Moreover, the model leverages the presence of southerly winds and vertical updrafts as reliable indicators for lightning occurrence, especially in the northwestern Po Plain. Additionally, high specific humidity below 4000 m serves as a robust proxy in the central and eastern Po Plain, as well as in the southern regions of the Slovenian Alps.

The case study in Sect. 4.3 demonstrates that, although recall and precision of the neural network may appear to be low at first glance, the model effectively reproduces the general patterns of thunderstorms, despite overestimating and underestimating their extents. Similar observations were also made for many other examples not included in this paper.

The results in this work suggest promising future applications. Being able to train a neural network directly on atmospheric soundings with good ability to distinguish between cells with and without lightning activity and then opening the black box may enable researchers to gain a better understanding of atmospheric processes in regions like equatorial Africa, where ample studies are scarce (Chakraborty et al., 2022). The first MTG-I satellite was launched on 13 December 2022 and will provide a lightning imager (Holmlund et al., 2021), which appears to be a promising source for the target variable. Furthermore, many existing models come with two very different parameterizations for ocean and land (Finney et al., 2014), and this inevitably leads to discontinuities in coastal areas. Also the reasons for the much lower lightning frequency over ocean are not as well understood yet. XAI might be a valuable building block in moving towards a more holistic understanding of the underlying atmospheric processes.

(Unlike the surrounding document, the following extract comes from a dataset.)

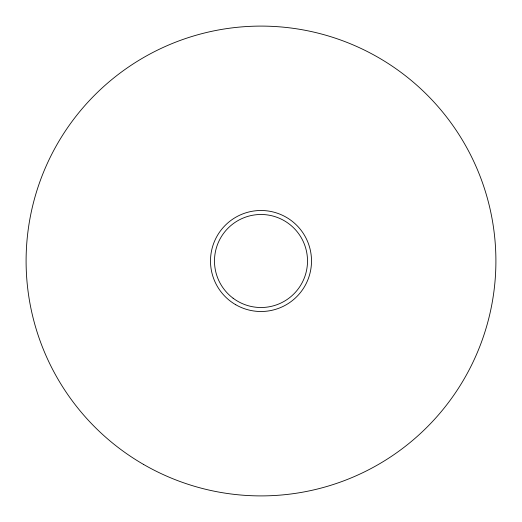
<?xml version="1.0" encoding="UTF-8"?>
<svg xmlns="http://www.w3.org/2000/svg" width="522" height="522" viewBox="0 0 522 522"><rect width="100%" height="100%" fill="white"/><g stroke="black" fill="none" stroke-linecap="round" stroke-linejoin="round"><path stroke-width="0.78" d="M233.086 298.206A46.51 46.51 0 0 0 307.177 266.572A46.51 46.51 0 0 0 242.743 218.222A46.51 46.51 0 0 0 233.086 298.206M143.55 464.43A234.9 234.9 0 0 0 495.9 261A234.9 234.9 0 0 0 143.55 57.57A234.9 234.9 0 0 0 143.55 464.43M235.748 304.737A50.504 50.504 0 0 0 311.503 261A50.504 50.504 0 0 0 235.748 217.263A50.504 50.504 0 0 0 235.748 304.737"/></g></svg>

Using ML models to find parameterizations requires them to be generalizable. In Ehrensperger et al. (2023), a similar model was trained on the same region but without using longitude, latitude, and day of the year as input features. While not giving the location to the model still provided a comparable performance, it enabled us to evaluate the model on continental Europe. The results show that the model is still able to perform comparably well on land-covered areas on previously unseen test data, demonstrating its ability to generalize across both time and location.

Future work might improve the results presented in this study. Here, a simple fully connected neural network is used, and therefore the model loses information about the connectivity of the values along the levels of the vertical profiles. Using convolutional layers to process the profiles would, most likely, improve the results.

Convection and cloud processes are not purely vertical processes, and thus ML parameterization greatly benefits from using multiple neighboring vertical atmospheric columns instead of a single column. Wang et al. (2022) work with 192 km×192 km grid cells to model, among others, subgrid zonal and meridional momentum flux due to vertical advection and suggest that a 3×3 subgrid could further improve the performance of the deep learning approach.